Home - Magdoll/cDNA_Cupcake GitHub Wiki

What is cDNA_Cupcake

This is a GitHub repo and (mostly independent) Python/R scripts that I personally use on a daily basis to make my life easier. Most of the code is very simple, less than 20 lines, and does some kind of basic processing like reverse complementing a sequence.

This repo + wiki is meant to supplement the official Iso-Seq software.

How to use the scripts

The simplest way to use the script is to simply clone the GitHub repository, then add the GitHub repo path to your $PATH variable. The scripts are organized into different sub-directories (ex: sequence/, rarefaction/ etc) so you will have to add them individually.

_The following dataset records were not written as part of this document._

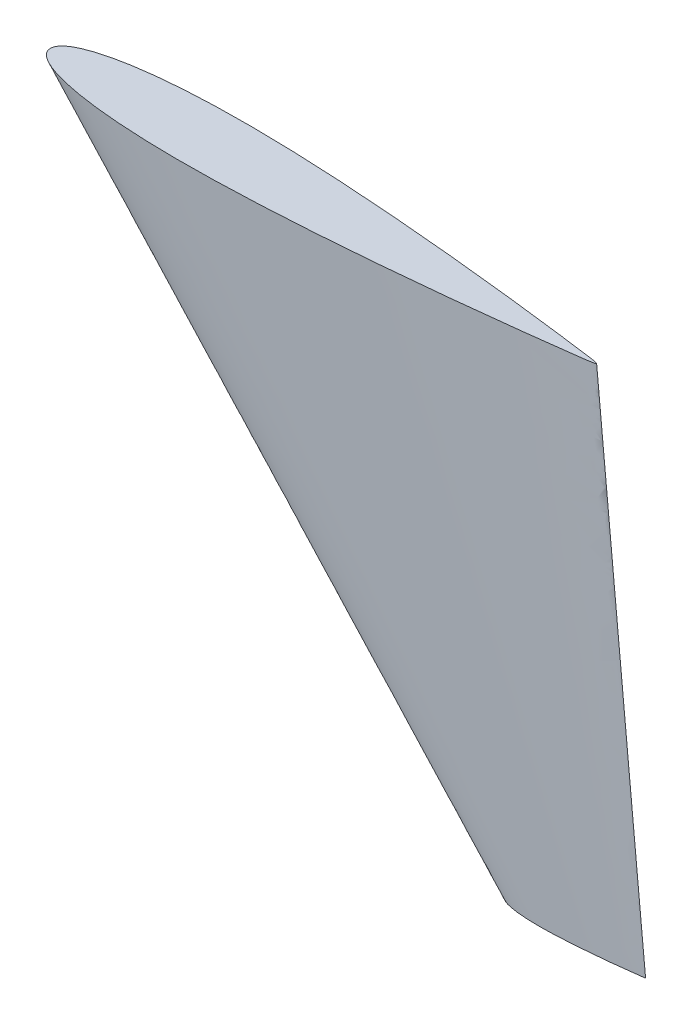
ISO-10303-21;
HEADER;
FILE_DESCRIPTION(('STEP AP214'),'2;1');
FILE_NAME('part.step','',(''),(''),'','','');
FILE_SCHEMA(('AUTOMOTIVE_DESIGN { 1 0 10303 214 1 1 1 1 }'));
ENDSEC;
DATA;
#1=APPLICATION_CONTEXT('core data for automotive mechanical design processes');
#2=APPLICATION_PROTOCOL_DEFINITION('international standard','automotive_design',2000,#1);
#3=PRODUCT_CONTEXT('',#1,'mechanical');
#4=PRODUCT('Part','Part','',(#3));
#5=PRODUCT_RELATED_PRODUCT_CATEGORY('part','',(#4));
#6=PRODUCT_DEFINITION_FORMATION('','',#4);
#7=PRODUCT_DEFINITION_CONTEXT('part definition',#1,'design');
#8=PRODUCT_DEFINITION('design','',#6,#7);
#9=PRODUCT_DEFINITION_SHAPE('','',#8);
#10=(LENGTH_UNIT() NAMED_UNIT(*) SI_UNIT(.MILLI.,.METRE.));
#11=(NAMED_UNIT(*) PLANE_ANGLE_UNIT() SI_UNIT($,.RADIAN.));
#12=(NAMED_UNIT(*) SI_UNIT($,.STERADIAN.) SOLID_ANGLE_UNIT());
#13=UNCERTAINTY_MEASURE_WITH_UNIT(LENGTH_MEASURE(1.E-05),#10,'distance_accuracy_value','');
#14=(GEOMETRIC_REPRESENTATION_CONTEXT(3) GLOBAL_UNCERTAINTY_ASSIGNED_CONTEXT((#13)) GLOBAL_UNIT_ASSIGNED_CONTEXT((#10,
#11,#12)) REPRESENTATION_CONTEXT('',''));
#15=CARTESIAN_POINT('',(0.,0.,0.));
#16=DIRECTION('',(0.,0.,1.));
#17=DIRECTION('',(1.,0.,0.));
#18=AXIS2_PLACEMENT_3D('',#15,#16,#17);
#19=CARTESIAN_POINT('',(0.,0.,-2.89213779437517E-12));
#20=DIRECTION('',(0.,-1.,0.));
#21=DIRECTION('',(0.,0.,-1.));
#22=AXIS2_PLACEMENT_3D('',#19,#20,#21);
#23=PLANE('',#22);
#24=CARTESIAN_POINT('',(7800.,0.,0.));
#25=CARTESIAN_POINT('',(7800.,0.,-6.53925924655097));
#26=CARTESIAN_POINT('',(7715.67329600913,0.,-24.3669523544777));
#27=CARTESIAN_POINT('',(7640.06647862999,0.,-30.8897909751289));
#28=CARTESIAN_POINT('',(7506.69214567683,0.,-50.5762287041684));
#29=CARTESIAN_POINT('',(7362.75356535692,0.,-69.0228106852286));
#30=CARTESIAN_POINT('',(7198.72313680974,0.,-90.5200279945573));
#31=CARTESIAN_POINT('',(7022.25196467298,0.,-112.692921099859));
#32=CARTESIAN_POINT('',(6834.27758249127,0.,-135.808011807423));
#33=CARTESIAN_POINT('',(6637.06943651528,0.,-159.394110654187));
#34=CARTESIAN_POINT('',(6432.07399162929,0.,-183.099280039837));
#35=CARTESIAN_POINT('',(6220.65040230479,0.,-206.882728292744));
#36=CARTESIAN_POINT('',(6003.93279029509,0.,-230.360435754586));
#37=CARTESIAN_POINT('',(5782.96571679836,0.,-253.604866134166));
#38=CARTESIAN_POINT('',(5558.69013182153,0.,-276.274064255674));
#39=CARTESIAN_POINT('',(5331.96829520196,0.,-298.245530819103));
#40=CARTESIAN_POINT('',(5103.60656338106,0.,-319.413756594173));
#41=CARTESIAN_POINT('',(4874.3511666855,0.,-339.839380895817));
#42=CARTESIAN_POINT('',(4644.83670892462,0.,-358.937100799179));
#43=CARTESIAN_POINT('',(4415.73297948451,0.,-377.096461196962));
#44=CARTESIAN_POINT('',(4187.62692680943,0.,-393.801210238087));
#45=CARTESIAN_POINT('',(3961.12393046965,0.,-409.332226476269));
#46=CARTESIAN_POINT('',(3736.73644679765,0.,-423.100620615322));
#47=CARTESIAN_POINT('',(3515.00574819094,0.,-435.28472535015));
#48=CARTESIAN_POINT('',(3296.42152697293,0.,-445.762492618663));
#49=CARTESIAN_POINT('',(3081.44991889856,0.,-454.397354141702));
#50=CARTESIAN_POINT('',(2870.55390258635,0.,-460.905755312769));
#51=CARTESIAN_POINT('',(2664.18654016437,0.,-465.616457962664));
#52=CARTESIAN_POINT('',(2462.75311754355,0.,-467.99250286914));
#53=CARTESIAN_POINT('',(2266.67474484628,0.,-468.430992739171));
#54=CARTESIAN_POINT('',(2076.3414608842,0.,-466.36091762238));
#55=CARTESIAN_POINT('',(1892.13829254239,0.,-462.260282902571));
#56=CARTESIAN_POINT('',(1714.43584887484,0.,-455.727917427635));
#57=CARTESIAN_POINT('',(1543.59300624981,0.,-446.976237187352));
#58=CARTESIAN_POINT('',(1379.99762905575,0.,-435.984639569769));
#59=CARTESIAN_POINT('',(1223.97029033573,0.,-422.688570015667));
#60=CARTESIAN_POINT('',(1075.82583002026,0.,-407.301819553241));
#61=CARTESIAN_POINT('',(935.912616229804,0.,-389.566943881137));
#62=CARTESIAN_POINT('',(804.536382757159,0.,-369.854970921905));
#63=CARTESIAN_POINT('',(682.013792436799,0.,-348.272555877616));
#64=CARTESIAN_POINT('',(568.693027246663,0.,-324.568119904927));
#65=CARTESIAN_POINT('',(464.786855228411,0.,-299.165291646043));
#66=CARTESIAN_POINT('',(370.596753034188,0.,-272.055292928938));
#67=CARTESIAN_POINT('',(286.404046182979,0.,-243.356904752415));
#68=CARTESIAN_POINT('',(212.506820599986,0.,-213.083136367971));
#69=CARTESIAN_POINT('',(149.052021217133,0.,-181.459345845315));
#70=CARTESIAN_POINT('',(96.2757843861637,0.,-148.410904473162));
#71=CARTESIAN_POINT('',(54.3577326462225,0.,-113.918531986578));
#72=CARTESIAN_POINT('',(23.5554280154315,0.,-77.7813546525763));
#73=CARTESIAN_POINT('',(4.41874234212622,0.,-39.661970030682));
#74=CARTESIAN_POINT('',(-2.1412179041184,0.,4.93934917453882E-13));
#75=CARTESIAN_POINT('',(4.41874234212666,0.,39.661970030684));
#76=CARTESIAN_POINT('',(23.5554280154311,0.,77.7813546525725));
#77=CARTESIAN_POINT('',(54.3577326462229,0.,113.91853198658));
#78=CARTESIAN_POINT('',(96.2757843861631,0.,148.410904473159));
#79=CARTESIAN_POINT('',(149.052021217134,0.,181.459345845317));
#80=CARTESIAN_POINT('',(212.506820599985,0.,213.083136367972));
#81=CARTESIAN_POINT('',(286.404046182979,0.,243.356904752415));
#82=CARTESIAN_POINT('',(370.596753034187,0.,272.055292928939));
#83=CARTESIAN_POINT('',(464.786855228411,0.,299.165291646041));
#84=CARTESIAN_POINT('',(568.693027246663,0.,324.568119904926));
#85=CARTESIAN_POINT('',(682.013792436799,0.,348.272555877616));
#86=CARTESIAN_POINT('',(804.536382757158,0.,369.854970921905));
#87=CARTESIAN_POINT('',(935.912616229805,0.,389.566943881137));
#88=CARTESIAN_POINT('',(1075.82583002026,0.,407.30181955324));
#89=CARTESIAN_POINT('',(1223.97029033572,0.,422.688570015665));
#90=CARTESIAN_POINT('',(1379.99762905575,0.,435.984639569768));
#91=CARTESIAN_POINT('',(1543.59300624981,0.,446.976237187353));
#92=CARTESIAN_POINT('',(1714.43584887483,0.,455.727917427633));
#93=CARTESIAN_POINT('',(1892.1382925424,0.,462.260282902571));
#94=CARTESIAN_POINT('',(2076.3414608842,0.,466.36091762238));
#95=CARTESIAN_POINT('',(2266.67474484627,0.,468.430992739172));
#96=CARTESIAN_POINT('',(2462.75311754355,0.,467.992502869139));
#97=CARTESIAN_POINT('',(2664.18654016436,0.,465.616457962664));
#98=CARTESIAN_POINT('',(2870.55390258635,0.,460.90575531277));
#99=CARTESIAN_POINT('',(3081.44991889855,0.,454.397354141699));
#100=CARTESIAN_POINT('',(3296.42152697293,0.,445.762492618662));
#101=CARTESIAN_POINT('',(3515.00574819094,0.,435.284725350148));
#102=CARTESIAN_POINT('',(3736.73644679765,0.,423.100620615321));
#103=CARTESIAN_POINT('',(3961.12393046965,0.,409.332226476268));
#104=CARTESIAN_POINT('',(4187.62692680943,0.,393.801210238087));
#105=CARTESIAN_POINT('',(4415.73297948451,0.,377.096461196962));
#106=CARTESIAN_POINT('',(4644.83670892462,0.,358.937100799178));
#107=CARTESIAN_POINT('',(4874.3511666855,0.,339.839380895817));
#108=CARTESIAN_POINT('',(5103.60656338106,0.,319.413756594172));
#109=CARTESIAN_POINT('',(5331.96829520197,0.,298.245530819101));
#110=CARTESIAN_POINT('',(5558.69013182153,0.,276.274064255672));
#111=CARTESIAN_POINT('',(5782.96571679836,0.,253.604866134166));
#112=CARTESIAN_POINT('',(6003.93279029508,0.,230.360435754585));
#113=CARTESIAN_POINT('',(6220.6504023048,0.,206.882728292743));
#114=CARTESIAN_POINT('',(6432.07399162929,0.,183.099280039837));
#115=CARTESIAN_POINT('',(6637.06943651528,0.,159.394110654187));
#116=CARTESIAN_POINT('',(6834.27758249126,0.,135.808011807422));
#117=CARTESIAN_POINT('',(7022.25196467298,0.,112.692921099855));
#118=CARTESIAN_POINT('',(7198.72313680974,0.,90.5200279945546));
#119=CARTESIAN_POINT('',(7362.75356535692,0.,69.0228106852282));
#120=CARTESIAN_POINT('',(7506.69214567683,0.,50.5762287041657));
#121=CARTESIAN_POINT('',(7640.06647862999,0.,30.8897909751275));
#122=CARTESIAN_POINT('',(7715.67329600913,0.,24.3669523544768));
#123=CARTESIAN_POINT('',(7800.,0.,6.53925924655098));
#124=CARTESIAN_POINT('',(7800.,0.,0.));
#125=B_SPLINE_CURVE_WITH_KNOTS('',3,(#24,#25,#26,#27,#28,#29,#30,#31,#32,#33,#34,#35,#36,#37,
#38,#39,#40,#41,#42,#43,#44,#45,#46,#47,#48,#49,#50,#51,#52,#53,#54,#55,#56,#57,#58,#59,#60,#61,
#62,#63,#64,#65,#66,#67,#68,#69,#70,#71,#72,#73,#74,#75,#76,#77,#78,#79,#80,#81,#82,#83,#84,#85,
#86,#87,#88,#89,#90,#91,#92,#93,#94,#95,#96,#97,#98,#99,#100,#101,#102,#103,#104,#105,#106,#107,
#108,#109,#110,#111,#112,#113,#114,#115,#116,#117,#118,#119,#120,#121,#122,#123,#124),
.UNSPECIFIED.,.T.,.F.,(4,1,1,1,1,1,1,1,1,1,1,1,1,1,1,1,1,1,1,1,1,1,1,1,1,1,1,1,1,1,1,1,1,1,1,1,
1,1,1,1,1,1,1,1,1,1,1,1,1,1,1,1,1,1,1,1,1,1,1,1,1,1,1,1,1,1,1,1,1,1,1,1,1,1,1,1,1,1,1,1,1,1,1,1,
1,1,1,1,1,1,1,1,1,1,1,1,1,1,4),(0.,0.00370123987506932,0.0100905264837692,0.0181897398349947,
0.0275712531032488,0.0379779032348915,0.0492199890854108,0.0611589846164829,0.0736758380002269,
0.0866758818301919,0.100070487809901,0.113794850526326,0.127780381717722,0.141967224326997,
0.156300965539977,0.170732574325841,0.185213017834877,0.199701805107877,0.214160602617209,
0.228549517539899,0.242829846374342,0.256971419856509,0.270940603732409,0.284703511960829,
0.298235956775089,0.311509100343719,0.324489816433092,0.337159349651097,0.349494602042227,
0.361462813894123,0.373050959586776,0.384236738836534,0.394992869371616,0.405307195090872,
0.415153289482299,0.424519405818651,0.433390491805171,0.441744901957357,0.449567589605019,
0.456846488766345,0.463571987722499,0.469733338138845,0.47532270467788,0.480336691423548,
0.484781058090828,0.488676263152727,0.492054747684636,0.494979990042027,0.497567422047131,0.5,
0.502432577952869,0.505020009957974,0.507945252315365,0.511323736847273,0.515218941909172,
0.519663308576452,0.524677295322121,0.530266661861155,0.536428012277502,0.543153511233656,
0.550432410394982,0.558255098042644,0.566609508194829,0.575480594181349,0.584846710517701,
0.594692804909128,0.605007130628384,0.615763261163466,0.626949040413224,0.638537186105877,
0.650505397957773,0.662840650348903,0.675510183566908,0.688490899656281,0.701764043224911,
0.715296488039171,0.729059396267592,0.743028580143492,0.757170153625658,0.771450482460101,
0.785839397382791,0.800298194892123,0.814786982165123,0.82926742567416,0.843699034460024,
0.858032775673003,0.872219618282278,0.886205149473674,0.899929512190099,0.913324118169808,
0.926324161999773,0.938841015383517,0.950780010914589,0.962022096765109,0.972428746896751,
0.981810260165005,0.989909473516231,0.996298760124931,1.),.UNSPECIFIED.);
#126=CARTESIAN_POINT('',(7800.,0.,0.));
#127=VERTEX_POINT('',#126);
#128=EDGE_CURVE('E11',#127,#127,#125,.T.);
#129=ORIENTED_EDGE('',*,*,#128,.T.);
#130=EDGE_LOOP('',(#129));
#131=FACE_BOUND('',#130,.T.);
#132=ADVANCED_FACE('F51',(#131),#23,.F.);
#133=CARTESIAN_POINT('',(6500.,-7250.,-6.37019547186018E-12));
#134=DIRECTION('',(0.,-1.,0.));
#135=DIRECTION('',(0.,0.,-1.));
#136=AXIS2_PLACEMENT_3D('',#133,#134,#135);
#137=PLANE('',#136);
#138=CARTESIAN_POINT('',(8500.,-7250.,0.));
#139=CARTESIAN_POINT('',(8500.,-7250.,-1.67673314014127));
#140=CARTESIAN_POINT('',(8478.37776820747,-7250.,-6.24793650114817));
#141=CARTESIAN_POINT('',(8458.99140477692,-7250.,-7.92045922439215));
#142=CARTESIAN_POINT('',(8424.79285786585,-7250.,-12.9682637702997));
#143=CARTESIAN_POINT('',(8387.8855295787,-7250.,-17.6981565859566));
#144=CARTESIAN_POINT('',(8345.82644533583,-7250.,-23.2102635883487));
#145=CARTESIAN_POINT('',(8300.57742683923,-7250.,-28.8956207948364));
#146=CARTESIAN_POINT('',(8252.37886730546,-7250.,-34.8225671301093));
#147=CARTESIAN_POINT('',(8201.81267602956,-7250.,-40.8702847831261));
#148=CARTESIAN_POINT('',(8149.24974144341,-7250.,-46.948533343549));
#149=CARTESIAN_POINT('',(8095.03856469354,-7250.,-53.0468534083973));
#150=CARTESIAN_POINT('',(8039.46994622951,-7250.,-59.0667783986132));
#151=CARTESIAN_POINT('',(7982.81172225599,-7250.,-65.0268887523517));
#152=CARTESIAN_POINT('',(7925.30516200552,-7250.,-70.8395036553026));
#153=CARTESIAN_POINT('',(7867.1713577441,-7250.,-76.4732130305411));
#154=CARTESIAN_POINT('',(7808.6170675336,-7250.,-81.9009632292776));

git clone https://github.com/Magdoll/cDNA_Cupcake.git
export PATH=$PATH:<path_to_Cupcake>/sequence/

And so on...

However if you wish to use scripts such as collapse_isoforms_by_sam.py and chain_samples.py, you will need to install Cupcake. See Cupcake: supporting scripts for Iso-Seq after clustering step

# only if you need to use certain scripts 
python setup.py build
python setup.py install

Installing Cupcake (optional)

The only exception is Cupcake: supporting scripts for Iso-Seq after clustering step, which does require compiling and installation.

Basic Nucleotide Assumption

All the scripts assume that the input/output sequences consist only of: A, T, C, G.

Other nucleotides such as N, U, R, might cause incorrect behavior. Use at own risk.

Current list of maintained scripts

Annotation and Rarefaction

make_file_for_subsampling_from_collapsed.py: Prepare file for running subsampling (rarefaction curve).
subsample.py and subsample_with_category.py: Running subsamping. Results can be plotted with Excel graphics and R, etc.

See Annotation and Rarefaction Wiki for usage details.

Targeted Iso-Seq Analysis

calc_probe_hit_from_sam.py: calculate on-target rate based on FL read alignment + probe BED file.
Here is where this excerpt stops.